The complaint likens the Apple-OpenAI deal to the tech giant’s previous search arrangement with Google, which U.S. regulators have accused of perpetuating Google’s search engine monopoly. According to Musk, Apple has rebuffed repeated attempts by xAI to similarly integrate Grok, including requests to feature Grok in the App Store when the new “Imagine” feature launched. Beyond that, the filing accuses Apple of manipulating App Store rankings and delaying Grok updates.

At stake, Musk’s team argues, is not just Grok’s ability to compete, but the very future of AI-driven social and messaging apps. The lawsuit notes that Siri already managed 1.5 billion user requests per day worldwide in 2024, which exceeds the total prompts given to all generative AI chatbots in that year. If OpenAI is the sole recipient of that data, it will control a major slice of all potential chatbot interactions, X’s lawsuit alleges.

The filing suggests consumers stand to lose as well. The lawsuit warns Apple customers may find themselves with fewer choices and a less capable chatbot on their phones, all while paying monopoly prices for Apple’s hardware. OpenAI, it notes, could use its position to increase subscription prices. Plans call for OpenAI to double the price of its “plus” subscription over the next four years, the lawsuit says. “That plan would be unfeasible unless OpenAI has power over marketwide prices,” X’s lawsuit further alleges.

The lawsuit also points to the potentially devastating impact on investment. If Apple continues to “press its thumb firmly on the scale” for ChatGPT, investors may see little value in backing potential rivals, leaving them starved of resources. This, X claims, could create a talent flight to Big Tech firms that could scoop up top developers from smaller, underfunded startups.

The Apple-OpenAI deal itself also raises questions, according to Musk’s team. The filing says OpenAI has, in effect, been paying to access Apple, with the company providing ChatGPT to Apple for free and Apple itself making no money from the partnership for at least four years. X’s lawsuit suggests the only reason the two companies could view such an arrangement as worthwhile is if the supposed benefits of blocking rivals are more valuable than direct revenue.

“By making the deal exclusive, Apple sacrificed the profits it would have earned by integrating multiple chatbots,” the complaint argues. “The true motive was Apple and OpenAI’s shared goal of blocking competition.”

The lawsuit may have existential consequences for Musk’s ambitions to build X as an “everything app.” In its filing, Musk’s team says Grok may never have a fair chance to compete if Apple’s exclusivity stands, making X less appealing to users and investors. “Because Grok’s functionality is a key feature of the X app, the X app is more attractive the better Grok performs,” the filing states. “Defendants’ conduct makes Grok less able to compete with ChatGPT, leading to fewer customers, less revenue, and ultimately a depressed enterprise value for X.”

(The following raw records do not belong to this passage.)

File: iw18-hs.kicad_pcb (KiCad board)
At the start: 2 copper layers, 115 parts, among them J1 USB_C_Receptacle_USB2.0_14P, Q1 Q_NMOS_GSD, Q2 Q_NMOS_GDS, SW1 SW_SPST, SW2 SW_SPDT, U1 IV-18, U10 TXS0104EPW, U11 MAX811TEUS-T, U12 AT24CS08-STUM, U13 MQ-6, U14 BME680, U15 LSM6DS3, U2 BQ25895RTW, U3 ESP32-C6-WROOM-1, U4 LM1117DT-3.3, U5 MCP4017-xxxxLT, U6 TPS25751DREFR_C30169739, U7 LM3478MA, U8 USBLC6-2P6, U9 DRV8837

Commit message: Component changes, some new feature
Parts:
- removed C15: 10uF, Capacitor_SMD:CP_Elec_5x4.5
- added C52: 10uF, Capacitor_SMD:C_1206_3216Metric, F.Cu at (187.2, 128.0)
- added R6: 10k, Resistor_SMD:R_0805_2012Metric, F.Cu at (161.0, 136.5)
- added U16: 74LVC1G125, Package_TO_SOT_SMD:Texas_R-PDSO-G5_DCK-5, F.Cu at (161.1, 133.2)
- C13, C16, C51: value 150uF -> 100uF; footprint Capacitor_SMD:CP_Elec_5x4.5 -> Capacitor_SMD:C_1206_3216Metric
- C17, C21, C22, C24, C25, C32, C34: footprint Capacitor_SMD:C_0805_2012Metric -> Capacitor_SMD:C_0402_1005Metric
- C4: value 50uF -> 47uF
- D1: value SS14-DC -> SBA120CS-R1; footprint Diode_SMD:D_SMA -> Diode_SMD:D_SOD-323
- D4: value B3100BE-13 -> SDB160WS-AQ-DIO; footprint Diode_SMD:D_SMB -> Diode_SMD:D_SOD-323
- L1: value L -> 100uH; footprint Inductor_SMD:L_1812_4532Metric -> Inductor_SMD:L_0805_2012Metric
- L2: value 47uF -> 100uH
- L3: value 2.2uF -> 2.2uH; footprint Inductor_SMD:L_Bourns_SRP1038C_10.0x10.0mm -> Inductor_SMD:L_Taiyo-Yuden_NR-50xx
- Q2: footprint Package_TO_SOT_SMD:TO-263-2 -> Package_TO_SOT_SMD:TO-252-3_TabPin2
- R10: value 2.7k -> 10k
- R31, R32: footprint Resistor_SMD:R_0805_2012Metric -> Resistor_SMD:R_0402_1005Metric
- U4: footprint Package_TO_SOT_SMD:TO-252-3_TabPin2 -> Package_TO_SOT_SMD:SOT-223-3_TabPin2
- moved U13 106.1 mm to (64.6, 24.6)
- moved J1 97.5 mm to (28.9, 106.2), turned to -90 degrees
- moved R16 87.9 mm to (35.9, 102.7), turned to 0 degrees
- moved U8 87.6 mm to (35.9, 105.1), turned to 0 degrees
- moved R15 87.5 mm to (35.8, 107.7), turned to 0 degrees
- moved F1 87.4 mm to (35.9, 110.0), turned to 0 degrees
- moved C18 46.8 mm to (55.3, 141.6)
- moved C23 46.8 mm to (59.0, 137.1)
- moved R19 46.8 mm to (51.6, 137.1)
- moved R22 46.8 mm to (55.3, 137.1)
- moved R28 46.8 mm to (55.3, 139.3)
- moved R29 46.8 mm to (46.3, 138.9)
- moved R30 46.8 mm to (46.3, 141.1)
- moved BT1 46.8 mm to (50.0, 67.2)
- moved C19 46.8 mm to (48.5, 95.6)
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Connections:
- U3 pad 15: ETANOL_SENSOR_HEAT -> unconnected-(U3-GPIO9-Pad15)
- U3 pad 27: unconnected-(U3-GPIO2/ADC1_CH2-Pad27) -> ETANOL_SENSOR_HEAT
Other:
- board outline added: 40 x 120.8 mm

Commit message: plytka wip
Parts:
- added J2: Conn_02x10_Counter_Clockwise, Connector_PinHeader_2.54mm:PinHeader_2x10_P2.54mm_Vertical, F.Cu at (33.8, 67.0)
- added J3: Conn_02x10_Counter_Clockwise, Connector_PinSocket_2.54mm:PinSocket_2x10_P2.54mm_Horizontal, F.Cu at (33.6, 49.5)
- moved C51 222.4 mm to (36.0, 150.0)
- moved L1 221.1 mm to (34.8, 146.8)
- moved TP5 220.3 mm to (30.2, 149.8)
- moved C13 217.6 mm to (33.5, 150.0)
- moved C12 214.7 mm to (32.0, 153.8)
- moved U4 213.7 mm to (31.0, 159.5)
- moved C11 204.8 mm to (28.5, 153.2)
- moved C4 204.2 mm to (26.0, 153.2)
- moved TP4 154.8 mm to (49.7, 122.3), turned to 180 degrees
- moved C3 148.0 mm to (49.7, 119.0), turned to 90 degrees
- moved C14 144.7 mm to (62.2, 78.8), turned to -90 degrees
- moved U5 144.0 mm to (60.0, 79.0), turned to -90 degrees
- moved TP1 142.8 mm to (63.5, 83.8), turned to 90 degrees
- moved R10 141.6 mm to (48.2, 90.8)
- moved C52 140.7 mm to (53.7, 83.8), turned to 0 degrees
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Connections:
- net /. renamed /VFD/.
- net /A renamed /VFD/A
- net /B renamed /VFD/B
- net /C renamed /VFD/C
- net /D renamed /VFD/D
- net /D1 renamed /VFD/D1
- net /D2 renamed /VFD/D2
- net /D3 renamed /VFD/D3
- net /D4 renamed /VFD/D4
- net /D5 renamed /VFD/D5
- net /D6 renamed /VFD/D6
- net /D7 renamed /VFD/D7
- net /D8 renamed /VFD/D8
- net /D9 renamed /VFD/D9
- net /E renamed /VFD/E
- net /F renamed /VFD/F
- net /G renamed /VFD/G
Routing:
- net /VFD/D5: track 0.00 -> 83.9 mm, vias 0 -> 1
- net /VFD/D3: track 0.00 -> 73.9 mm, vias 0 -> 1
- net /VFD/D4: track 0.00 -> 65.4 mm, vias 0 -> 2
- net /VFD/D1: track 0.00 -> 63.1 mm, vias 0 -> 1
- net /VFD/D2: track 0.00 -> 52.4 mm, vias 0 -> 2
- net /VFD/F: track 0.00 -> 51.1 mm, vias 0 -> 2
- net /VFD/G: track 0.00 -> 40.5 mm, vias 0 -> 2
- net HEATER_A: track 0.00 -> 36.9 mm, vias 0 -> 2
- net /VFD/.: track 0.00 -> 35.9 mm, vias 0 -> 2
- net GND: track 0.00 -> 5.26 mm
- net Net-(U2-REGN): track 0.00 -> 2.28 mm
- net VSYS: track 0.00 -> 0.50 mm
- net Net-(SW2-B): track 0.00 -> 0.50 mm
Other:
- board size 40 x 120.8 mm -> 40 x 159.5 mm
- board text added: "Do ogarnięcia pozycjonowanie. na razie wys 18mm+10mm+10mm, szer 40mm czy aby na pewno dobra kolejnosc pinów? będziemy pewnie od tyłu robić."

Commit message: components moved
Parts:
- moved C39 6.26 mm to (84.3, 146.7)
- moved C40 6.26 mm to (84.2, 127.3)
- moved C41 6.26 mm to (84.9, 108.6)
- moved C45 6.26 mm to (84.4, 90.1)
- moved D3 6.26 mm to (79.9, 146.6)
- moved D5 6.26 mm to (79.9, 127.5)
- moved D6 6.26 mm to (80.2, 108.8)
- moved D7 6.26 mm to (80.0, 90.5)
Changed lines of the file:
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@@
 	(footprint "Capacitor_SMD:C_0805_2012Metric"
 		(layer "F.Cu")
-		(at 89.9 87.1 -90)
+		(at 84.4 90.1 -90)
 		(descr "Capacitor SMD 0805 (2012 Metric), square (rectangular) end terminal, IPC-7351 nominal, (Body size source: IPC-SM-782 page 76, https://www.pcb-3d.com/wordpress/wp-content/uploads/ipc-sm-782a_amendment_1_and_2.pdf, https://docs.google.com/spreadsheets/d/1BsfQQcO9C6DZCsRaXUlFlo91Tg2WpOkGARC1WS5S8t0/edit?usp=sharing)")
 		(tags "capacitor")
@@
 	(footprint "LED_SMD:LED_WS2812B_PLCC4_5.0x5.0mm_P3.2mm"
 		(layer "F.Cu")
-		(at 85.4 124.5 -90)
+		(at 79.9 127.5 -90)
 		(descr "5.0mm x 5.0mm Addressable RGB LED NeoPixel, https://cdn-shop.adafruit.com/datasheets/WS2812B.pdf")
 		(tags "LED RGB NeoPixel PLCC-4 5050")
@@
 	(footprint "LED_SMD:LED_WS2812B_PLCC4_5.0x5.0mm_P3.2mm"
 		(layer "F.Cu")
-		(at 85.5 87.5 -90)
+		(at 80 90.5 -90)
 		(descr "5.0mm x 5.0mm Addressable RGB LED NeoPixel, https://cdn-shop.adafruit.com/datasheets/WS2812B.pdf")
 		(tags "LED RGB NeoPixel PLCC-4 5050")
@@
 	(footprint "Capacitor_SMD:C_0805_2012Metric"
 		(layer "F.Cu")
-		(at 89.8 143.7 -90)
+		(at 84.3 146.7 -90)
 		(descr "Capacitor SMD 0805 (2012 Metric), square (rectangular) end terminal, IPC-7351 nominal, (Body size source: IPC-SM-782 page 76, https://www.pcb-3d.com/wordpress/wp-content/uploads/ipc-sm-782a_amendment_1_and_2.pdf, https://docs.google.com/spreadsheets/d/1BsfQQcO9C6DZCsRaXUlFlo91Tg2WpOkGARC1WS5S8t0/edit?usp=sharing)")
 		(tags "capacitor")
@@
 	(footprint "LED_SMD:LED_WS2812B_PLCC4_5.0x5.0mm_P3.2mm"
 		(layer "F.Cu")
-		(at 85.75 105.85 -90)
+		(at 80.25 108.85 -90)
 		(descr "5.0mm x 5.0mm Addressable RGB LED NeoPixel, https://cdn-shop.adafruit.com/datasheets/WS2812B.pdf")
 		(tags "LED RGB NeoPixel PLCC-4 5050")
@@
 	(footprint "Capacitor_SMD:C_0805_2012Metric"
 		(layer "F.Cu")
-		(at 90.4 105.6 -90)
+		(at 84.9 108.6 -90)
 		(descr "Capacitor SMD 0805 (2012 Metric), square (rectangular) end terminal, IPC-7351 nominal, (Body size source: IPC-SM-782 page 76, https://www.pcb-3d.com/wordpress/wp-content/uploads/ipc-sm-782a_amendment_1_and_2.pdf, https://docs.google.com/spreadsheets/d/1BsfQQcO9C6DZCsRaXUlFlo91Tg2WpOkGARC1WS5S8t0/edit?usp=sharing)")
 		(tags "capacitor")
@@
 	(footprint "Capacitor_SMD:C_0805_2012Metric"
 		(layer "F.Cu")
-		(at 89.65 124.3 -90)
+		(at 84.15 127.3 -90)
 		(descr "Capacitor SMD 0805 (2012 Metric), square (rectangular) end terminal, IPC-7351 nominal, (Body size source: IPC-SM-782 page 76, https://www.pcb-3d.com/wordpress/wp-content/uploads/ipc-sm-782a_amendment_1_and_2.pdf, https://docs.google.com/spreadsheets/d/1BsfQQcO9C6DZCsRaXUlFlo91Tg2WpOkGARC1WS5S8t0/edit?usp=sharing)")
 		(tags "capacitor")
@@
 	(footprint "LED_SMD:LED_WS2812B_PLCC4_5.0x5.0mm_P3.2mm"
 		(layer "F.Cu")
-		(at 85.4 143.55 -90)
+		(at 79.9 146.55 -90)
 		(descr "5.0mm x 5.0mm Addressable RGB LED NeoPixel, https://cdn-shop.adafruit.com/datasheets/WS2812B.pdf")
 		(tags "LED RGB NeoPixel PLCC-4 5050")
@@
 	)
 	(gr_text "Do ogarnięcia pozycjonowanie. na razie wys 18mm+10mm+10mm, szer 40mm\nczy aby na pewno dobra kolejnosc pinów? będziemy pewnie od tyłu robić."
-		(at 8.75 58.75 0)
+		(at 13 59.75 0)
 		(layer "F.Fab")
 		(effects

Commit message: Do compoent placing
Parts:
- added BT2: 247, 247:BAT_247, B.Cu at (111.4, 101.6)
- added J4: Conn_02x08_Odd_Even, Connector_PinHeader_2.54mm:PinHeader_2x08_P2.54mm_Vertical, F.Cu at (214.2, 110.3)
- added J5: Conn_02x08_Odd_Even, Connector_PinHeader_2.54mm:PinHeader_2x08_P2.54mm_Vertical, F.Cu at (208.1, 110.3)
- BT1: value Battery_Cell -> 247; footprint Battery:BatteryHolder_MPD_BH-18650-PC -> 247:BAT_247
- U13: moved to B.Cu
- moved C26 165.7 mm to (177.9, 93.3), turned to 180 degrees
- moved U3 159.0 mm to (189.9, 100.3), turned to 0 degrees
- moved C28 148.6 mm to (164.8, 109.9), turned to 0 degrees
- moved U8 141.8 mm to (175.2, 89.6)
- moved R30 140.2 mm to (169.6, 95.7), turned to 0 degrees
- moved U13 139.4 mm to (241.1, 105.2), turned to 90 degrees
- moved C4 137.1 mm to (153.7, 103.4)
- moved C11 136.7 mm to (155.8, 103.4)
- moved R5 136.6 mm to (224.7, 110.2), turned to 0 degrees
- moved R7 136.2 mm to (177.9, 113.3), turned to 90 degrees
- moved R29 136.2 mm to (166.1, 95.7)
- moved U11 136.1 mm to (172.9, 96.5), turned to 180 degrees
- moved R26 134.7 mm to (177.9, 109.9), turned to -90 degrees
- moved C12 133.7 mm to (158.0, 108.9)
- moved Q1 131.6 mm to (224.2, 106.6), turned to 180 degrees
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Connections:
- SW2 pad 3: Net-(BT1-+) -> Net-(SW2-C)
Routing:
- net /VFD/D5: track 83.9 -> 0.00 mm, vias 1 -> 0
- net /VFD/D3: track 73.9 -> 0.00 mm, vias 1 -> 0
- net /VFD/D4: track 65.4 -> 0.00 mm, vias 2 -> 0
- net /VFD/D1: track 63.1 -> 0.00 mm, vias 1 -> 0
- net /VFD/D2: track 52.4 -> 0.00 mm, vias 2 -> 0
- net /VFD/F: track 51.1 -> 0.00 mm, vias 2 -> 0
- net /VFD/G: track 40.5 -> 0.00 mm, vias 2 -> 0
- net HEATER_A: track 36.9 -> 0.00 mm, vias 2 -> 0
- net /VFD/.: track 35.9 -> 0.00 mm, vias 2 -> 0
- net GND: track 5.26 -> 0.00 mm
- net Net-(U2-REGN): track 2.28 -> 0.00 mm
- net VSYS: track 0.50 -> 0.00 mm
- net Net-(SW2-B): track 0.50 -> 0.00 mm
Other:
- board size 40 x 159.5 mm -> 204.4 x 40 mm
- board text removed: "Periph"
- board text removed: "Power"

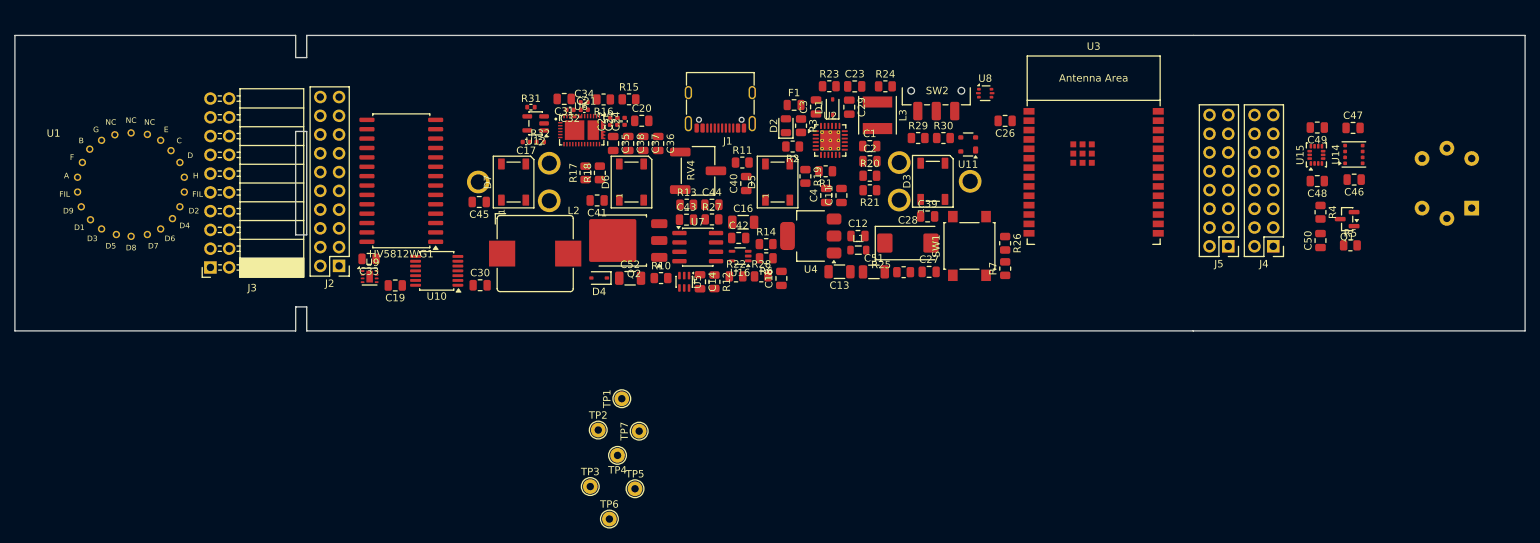
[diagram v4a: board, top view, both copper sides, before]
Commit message: Refine board
* Add UART connector for chaining and controll
* shrink the board
workspace 1 output DP-6
* allow for pd controller eeprom programming
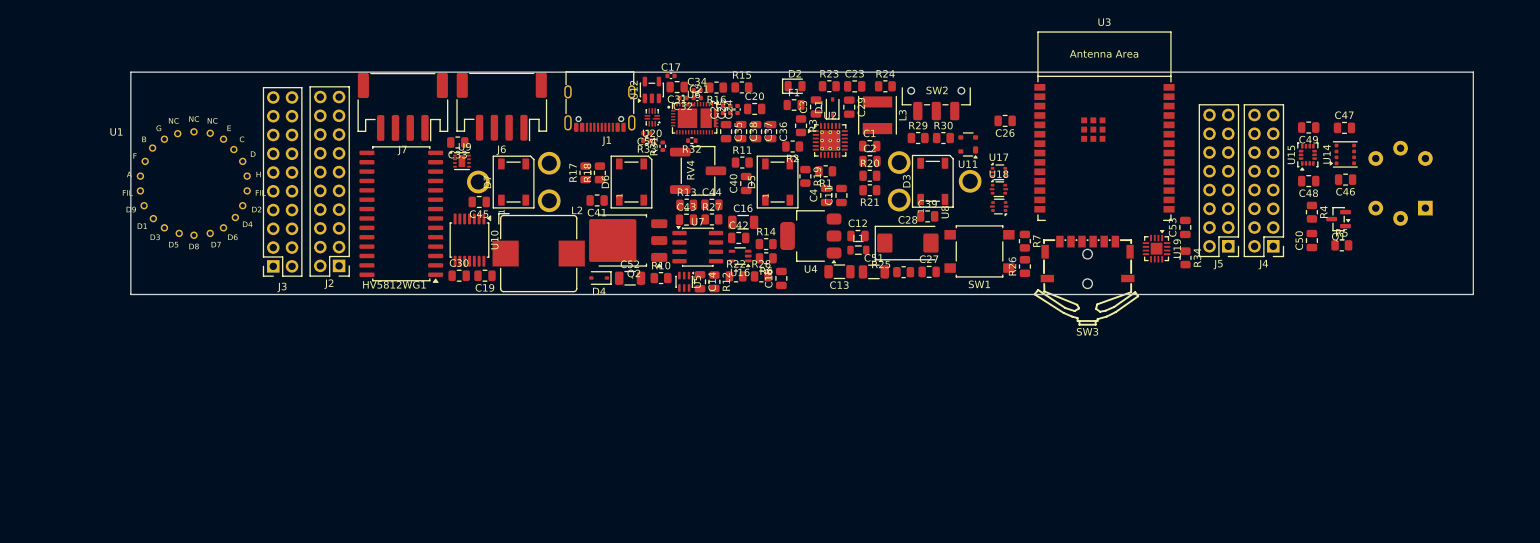
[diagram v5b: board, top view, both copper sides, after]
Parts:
- removed TP1, TP2, TP3, TP4, TP5, TP6, TP7: TestPoint_Probe, TestPoint:TestPoint_THTPad_D2.0mm_Drill1.0mm
- added C53: 100nF, Capacitor_SMD:C_0805_2012Metric, F.Cu at (202.3, 107.8)
- added C54: 100nF, Capacitor_SMD:C_0402_1005Metric, F.Cu at (129.4, 95.0)
- added J6: Conn_01x04_MountingPin, Connector_JST:JST_PH_S4B-PH-SM4-TB_1x04-1MP_P2.00mm_Horizontal, F.Cu at (109.8, 91.4)
- added J7: Conn_01x04_MountingPin, Connector_JST:JST_PH_S4B-PH-SM4-TB_1x04-1MP_P2.00mm_Horizontal, F.Cu at (96.4, 91.4)
- added R33: 10k, Resistor_SMD:R_0402_1005Metric, F.Cu at (129.4, 96.0)
- added R34: 10k, Resistor_SMD:R_0805_2012Metric, F.Cu at (202.3, 111.9)
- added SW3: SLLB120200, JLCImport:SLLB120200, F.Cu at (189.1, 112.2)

Musk’s companies are seeking billions of dollars in damages and an injunction to prevent Apple from integrating ChatGPT exclusively into its platform. In a statement to Ars Technica, OpenAI dismissed the lawsuit as another example of Musk’s “ongoing pattern of harassment.” Apple declined to comment.

A decision by a court on whether Apple and OpenAI have colluded to entrench monopolies will likely have consequences for not just Grok but the future of AI as well.